Coelho is a Brazilian writer with four books to his credit. Following Diary of a Magus (1992—not reviewed) came this book, published in Brazil in 1988: it's an interdenominational, transcendental, inspirational fable—in other words, a bag of wind.
The story is about a youth empowered to follow his dream. Santiago is an Andalusian shepherd boy who learns through a dream of a treasure in the Egyptian pyramids. An old man, the king of Salem, the first of various spiritual guides, tells the boy that he has discovered his destiny: "to realize one's destiny is a person's only real obligation." So Santiago sells his sheep, sails to Tangier, is tricked out of his money, regains it through hard work, crosses the desert with a caravan, stops at an oasis long enough to fall in love, escapes from warring tribesmen by performing a miracle, reaches the pyramids, and eventually gets both the gold and the girl.

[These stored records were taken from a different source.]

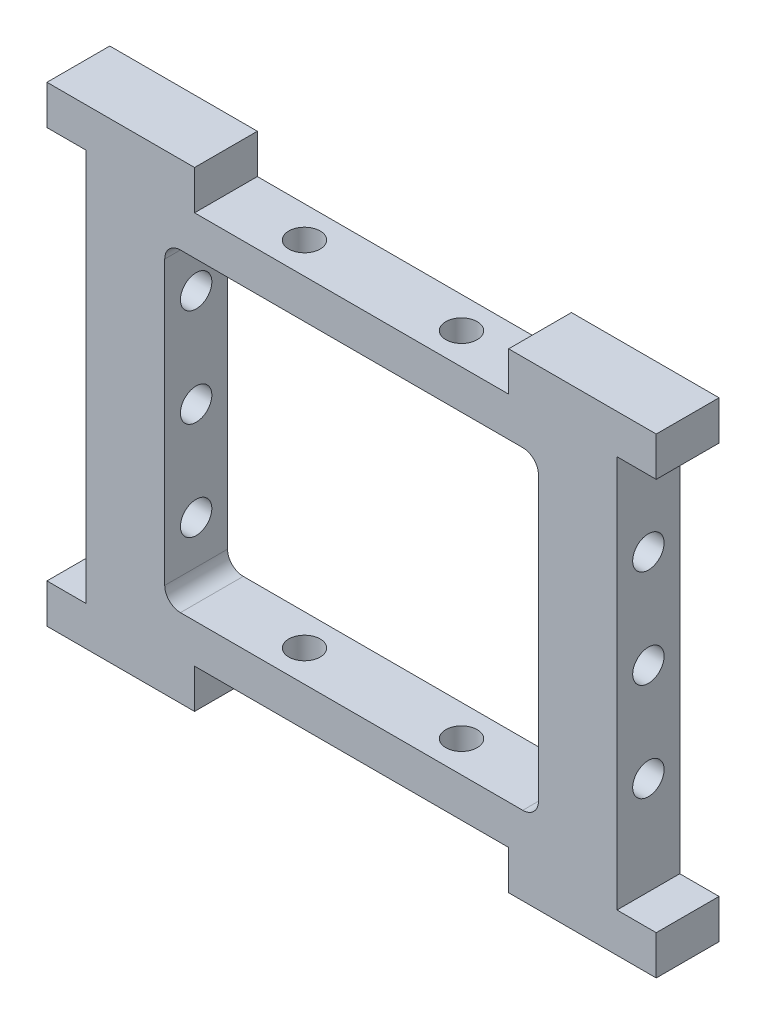
SolidWorks part; units mm, degrees
ref_plane "前视基准面" through (0, 0, 0) normal (0, 0, 1) x (1, 0, 0)
ref_plane "上视基准面" through (0, 0, 0) normal (0, 1, 0) x (1, 0, 0)
ref_plane "右视基准面" through (0, 0, 0) normal (1, 0, 0) x (0, 0, -1)
sketch "草图1" plane through (0, 0, 0) normal (0, 0, 1) x (1, 0, 0)
  line L1 (0, 0) -> (67.6, 0)
  line L2 (0, 0) -> (0, 50)
  line L3 (0, 50) -> (67.6, 50)
  line L4 (67.6, 0) -> (67.6, 50)
  dimension "D1" = 50
  dimension "D2" = 67.6
extrude "凸台-拉伸1" add sketch "草图1" along normal blind 8
sketch "草图2" plane through (0, 0, 0) normal (-1, 0, 0) x (0, 0, 1)
  line L0 (8, 50) -> (8, 0) construction
  line L1 (8, 0) -> (0, 0) construction
  line L2 (8, 50) -> (0, 50) construction
  circle A0 centre (4, 37.5) radius 2
  circle A2 centre (4, 25) radius 2
  circle A3 centre (4, 12.5) radius 2
  dimension "D1" = 4
  dimension "D2" = 12.5
  dimension "D3" = 4
  dimension "D4" = 4
  dimension "D5" = 4
  dimension "D8" = 4
  dimension "D9" = 12.5
  dimension "D6" = 12.5
extrude "切除-拉伸1" cut sketch "草图2" against normal blind 10
ref_plane "基准面1" through (33.8, 0, 0) normal (1, 0, 0) x (0, 0, -1)
mirror "镜向1" about plane through (33.8, 0, 0) normal (1, 0, 0) of "切除-拉伸1"
sketch "草图3" plane through (0, 50, 0) normal (0, 1, 0) x (1, 0, 0)
  line L0 (0, -8) -> (0, 0) construction
  line L1 (67.6, -8) -> (0, -8) construction
  circle A0 centre (23.8, -4) radius 2
  circle A1 centre (43.8, -4) radius 2
  dimension "D1" = 4
  dimension "D2" = 4
  dimension "D5" = 4
  dimension "D3" = 20
  dimension "D4" = 23.8
extrude "切除-拉伸2" cut sketch "草图3" against normal blind 10
ref_plane "基准面2" through (0, 25, 0) normal (0, 1, 0) x (1, 0, 0)
mirror "镜向2" about plane through (0, 25, 0) normal (0, 1, 0) of "切除-拉伸2"
sketch "草图4" plane through (0, 0, 0) normal (0, 0, -1) x (-1, 0, 0)
  line L0 (-67.6, 50) -> (0, 50) construction
  line L1 (-53.8, 50) -> (-72.6, 50)
  line L2 (-53.8, 50) -> (-53.8, 55)
  line L3 (-53.8, 55) -> (-72.6, 55)
  line L4 (-72.6, 50) -> (-72.6, 55)
  line L5 (0, 0) -> (-67.6, 0) construction
  line L6 (-53.8, 0) -> (-72.6, 0)
  line L7 (-53.8, 0) -> (-53.8, -5)
  line L8 (-53.8, -5) -> (-72.6, -5)
  line L9 (-72.6, 0) -> (-72.6, -5)
  line L10 (-67.6, 0) -> (-67.6, 50) construction
  line L11 (-13.8, 0) -> (5, 0)
  line L12 (-13.8, 0) -> (-13.8, -5)
  line L13 (-13.8, -5) -> (5, -5)
  line L14 (5, 0) -> (5, -5)
  line L15 (-13.8, 50) -> (5, 50)
  line L16 (-13.8, 50) -> (-13.8, 55)
  line L17 (-13.8, 55) -> (5, 55)
  line L18 (5, 50) -> (5, 55)
  line L19 (0, 50) -> (0, 0) construction
  point P24 (-53.8, 52.5)
  dimension "D1" = 5
  dimension "D2" = 5
  dimension "D3" = 5
  dimension "D4" = 5
  dimension "D5" = 5
  dimension "D6" = 5
  dimension "D7" = 5
  dimension "D8" = 5
  dimension "D9" = 40
  dimension "D10" = 40
  dimension "D11" = 13.8
  dimension "D12" = 13.8
extrude "凸台-拉伸2" add sketch "草图4" against normal blind 8
sketch "草图5" plane through (0, 0, 0) normal (0, 0, -1) x (-1, 0, 0)
  line L0 (-67.6, 0) -> (-67.6, 50) construction
  line L1 (-57.6, 45) -> (-10, 45)
  line L2 (-57.6, 45) -> (-57.6, 5)
  line L3 (-57.6, 5) -> (-10, 5)
  line L4 (-10, 45) -> (-10, 5)
  line L5 (-53.8, 50) -> (-13.8, 50) construction
  dimension "D1" = 47.6
  dimension "D2" = 10
  dimension "D3" = 40
  dimension "D4" = 5
extrude "切除-拉伸3" cut sketch "草图5" against normal blind 8
fillet "圆角1" radius 2 4 edges at (10, 45, 4) (10, 5, 4) (57.6, 5, 4) (57.6, 45, 4)

Along the way he meets an Englishman who describes the Soul of the World; the desert woman Fatima, who teaches him the Language of the World; and an alchemist who says, "Listen to your heart" A message clings like ivy to every encounter; everyone, but everyone, has to put in their two cents' worth, from the crystal merchant to the camel driver ("concentrate always on the present, you'll be a happy man"). The absence of characterization and overall blandness suggest authorship by a committee of self-improvement pundits—a far cry from Saint- Exupery's The Little Prince: that flagship of the genre was a genuine charmer because it clearly derived from a quirky, individual sensibility.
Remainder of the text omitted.